---- DATA TO USE
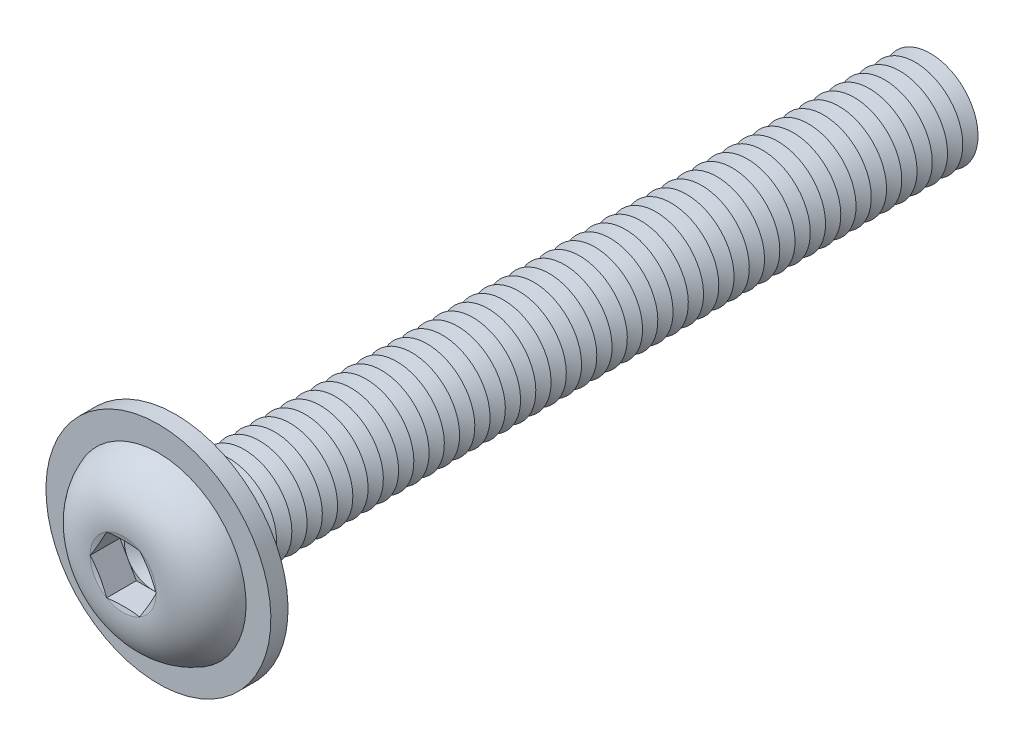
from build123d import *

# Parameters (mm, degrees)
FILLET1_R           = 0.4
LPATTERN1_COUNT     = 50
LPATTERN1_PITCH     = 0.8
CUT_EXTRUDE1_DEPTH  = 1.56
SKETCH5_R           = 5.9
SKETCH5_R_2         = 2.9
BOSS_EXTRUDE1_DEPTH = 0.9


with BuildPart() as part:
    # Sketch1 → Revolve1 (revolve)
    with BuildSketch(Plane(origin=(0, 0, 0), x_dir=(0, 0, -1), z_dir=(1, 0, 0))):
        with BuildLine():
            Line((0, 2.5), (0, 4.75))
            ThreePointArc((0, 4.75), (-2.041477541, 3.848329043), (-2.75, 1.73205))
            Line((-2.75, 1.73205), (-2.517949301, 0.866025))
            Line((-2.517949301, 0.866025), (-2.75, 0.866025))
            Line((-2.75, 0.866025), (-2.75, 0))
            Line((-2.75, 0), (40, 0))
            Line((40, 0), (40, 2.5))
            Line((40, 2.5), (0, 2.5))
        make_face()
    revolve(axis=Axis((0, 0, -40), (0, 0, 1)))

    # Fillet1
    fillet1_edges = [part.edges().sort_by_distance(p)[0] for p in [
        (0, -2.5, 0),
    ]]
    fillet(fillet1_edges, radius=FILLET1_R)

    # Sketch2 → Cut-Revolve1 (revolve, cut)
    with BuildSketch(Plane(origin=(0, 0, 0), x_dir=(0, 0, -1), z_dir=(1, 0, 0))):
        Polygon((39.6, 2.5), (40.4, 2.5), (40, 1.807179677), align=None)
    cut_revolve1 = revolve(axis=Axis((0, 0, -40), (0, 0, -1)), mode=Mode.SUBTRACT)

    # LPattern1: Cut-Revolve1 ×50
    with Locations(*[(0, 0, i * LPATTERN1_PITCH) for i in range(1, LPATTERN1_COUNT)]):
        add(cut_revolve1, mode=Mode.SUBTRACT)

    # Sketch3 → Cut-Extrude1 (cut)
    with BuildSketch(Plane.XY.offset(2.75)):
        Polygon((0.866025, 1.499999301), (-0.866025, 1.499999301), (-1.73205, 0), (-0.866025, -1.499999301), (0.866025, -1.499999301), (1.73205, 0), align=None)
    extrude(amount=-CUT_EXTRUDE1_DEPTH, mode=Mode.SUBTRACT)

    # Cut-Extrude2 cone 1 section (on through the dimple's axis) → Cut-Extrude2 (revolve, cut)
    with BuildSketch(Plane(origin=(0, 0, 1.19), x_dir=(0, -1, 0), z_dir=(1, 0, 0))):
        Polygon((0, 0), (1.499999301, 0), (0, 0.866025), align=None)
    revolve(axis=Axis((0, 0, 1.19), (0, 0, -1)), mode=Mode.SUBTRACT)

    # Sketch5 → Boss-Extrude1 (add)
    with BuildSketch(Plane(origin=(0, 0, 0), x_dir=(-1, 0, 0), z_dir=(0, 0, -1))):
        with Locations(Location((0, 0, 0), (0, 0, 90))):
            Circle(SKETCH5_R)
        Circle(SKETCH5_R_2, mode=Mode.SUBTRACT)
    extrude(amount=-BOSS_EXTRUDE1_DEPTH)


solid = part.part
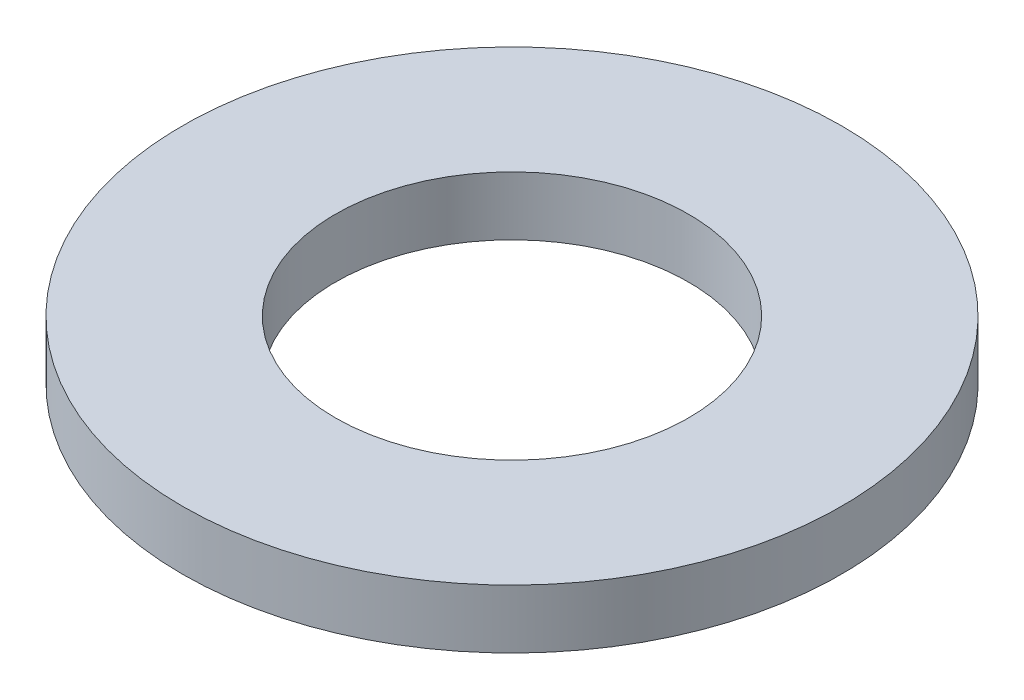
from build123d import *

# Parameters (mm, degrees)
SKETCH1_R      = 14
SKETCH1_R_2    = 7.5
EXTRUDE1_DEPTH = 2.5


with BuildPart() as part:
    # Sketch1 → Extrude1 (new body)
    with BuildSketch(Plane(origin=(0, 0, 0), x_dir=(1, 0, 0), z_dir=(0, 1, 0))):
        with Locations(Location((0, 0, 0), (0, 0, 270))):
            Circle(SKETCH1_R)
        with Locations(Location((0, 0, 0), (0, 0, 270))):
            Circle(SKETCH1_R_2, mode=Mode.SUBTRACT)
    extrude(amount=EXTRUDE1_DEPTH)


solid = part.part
--------
TASK =>
Drop the pictures and set down the data above exactly.

ANSWER SECTION =>
from build123d import *

# Parameters (mm, degrees)
FILLET1_R           = 0.4
LPATTERN1_COUNT     = 50
LPATTERN1_PITCH     = 0.8
CUT_EXTRUDE1_DEPTH  = 1.56
SKETCH5_R           = 5.9
SKETCH5_R_2         = 2.9
BOSS_EXTRUDE1_DEPTH = 0.9


with BuildPart() as part:
    # Sketch1 → Revolve1 (revolve)
    with BuildSketch(Plane(origin=(0, 0, 0), x_dir=(0, 0, -1), z_dir=(1, 0, 0))):
        with BuildLine():
            Line((0, 2.5), (0, 4.75))
            ThreePointArc((0, 4.75), (-2.041477541, 3.848329043), (-2.75, 1.73205))
            Line((-2.75, 1.73205), (-2.517949301, 0.866025))
            Line((-2.517949301, 0.866025), (-2.75, 0.866025))
            Line((-2.75, 0.866025), (-2.75, 0))
            Line((-2.75, 0), (40, 0))
            Line((40, 0), (40, 2.5))
            Line((40, 2.5), (0, 2.5))
        make_face()
    revolve(axis=Axis((0, 0, -40), (0, 0, 1)))

    # Fillet1
    fillet1_edges = [part.edges().sort_by_distance(p)[0] for p in [
        (0, -2.5, 0),
    ]]
    fillet(fillet1_edges, radius=FILLET1_R)

    # Sketch2 → Cut-Revolve1 (revolve, cut)
    with BuildSketch(Plane(origin=(0, 0, 0), x_dir=(0, 0, -1), z_dir=(1, 0, 0))):
        Polygon((39.6, 2.5), (40.4, 2.5), (40, 1.807179677), align=None)
    cut_revolve1 = revolve(axis=Axis((0, 0, -40), (0, 0, -1)), mode=Mode.SUBTRACT)

    # LPattern1: Cut-Revolve1 ×50
    with Locations(*[(0, 0, i * LPATTERN1_PITCH) for i in range(1, LPATTERN1_COUNT)]):
        add(cut_revolve1, mode=Mode.SUBTRACT)

    # Sketch3 → Cut-Extrude1 (cut)
    with BuildSketch(Plane.XY.offset(2.75)):
        Polygon((0.866025, 1.499999301), (-0.866025, 1.499999301), (-1.73205, 0), (-0.866025, -1.499999301), (0.866025, -1.499999301), (1.73205, 0), align=None)
    extrude(amount=-CUT_EXTRUDE1_DEPTH, mode=Mode.SUBTRACT)

    # Cut-Extrude2 cone 1 section (on through the dimple's axis) → Cut-Extrude2 (revolve, cut)
    with BuildSketch(Plane(origin=(0, 0, 1.19), x_dir=(0, -1, 0), z_dir=(1, 0, 0))):
        Polygon((0, 0), (1.499999301, 0), (0, 0.866025), align=None)
    revolve(axis=Axis((0, 0, 1.19), (0, 0, -1)), mode=Mode.SUBTRACT)

    # Sketch5 → Boss-Extrude1 (add)
    with BuildSketch(Plane(origin=(0, 0, 0), x_dir=(-1, 0, 0), z_dir=(0, 0, -1))):
        with Locations(Location((0, 0, 0), (0, 0, 90))):
            Circle(SKETCH5_R)
        Circle(SKETCH5_R_2, mode=Mode.SUBTRACT)
    extrude(amount=-BOSS_EXTRUDE1_DEPTH)


solid = part.part
from build123d import *

# Parameters (mm, degrees)
SKETCH1_R      = 14
SKETCH1_R_2    = 7.5
EXTRUDE1_DEPTH = 2.5


with BuildPart() as part:
    # Sketch1 → Extrude1 (new body)
    with BuildSketch(Plane(origin=(0, 0, 0), x_dir=(1, 0, 0), z_dir=(0, 1, 0))):
        with Locations(Location((0, 0, 0), (0, 0, 270))):
            Circle(SKETCH1_R)
        with Locations(Location((0, 0, 0), (0, 0, 270))):
            Circle(SKETCH1_R_2, mode=Mode.SUBTRACT)
    extrude(amount=EXTRUDE1_DEPTH)


solid = part.part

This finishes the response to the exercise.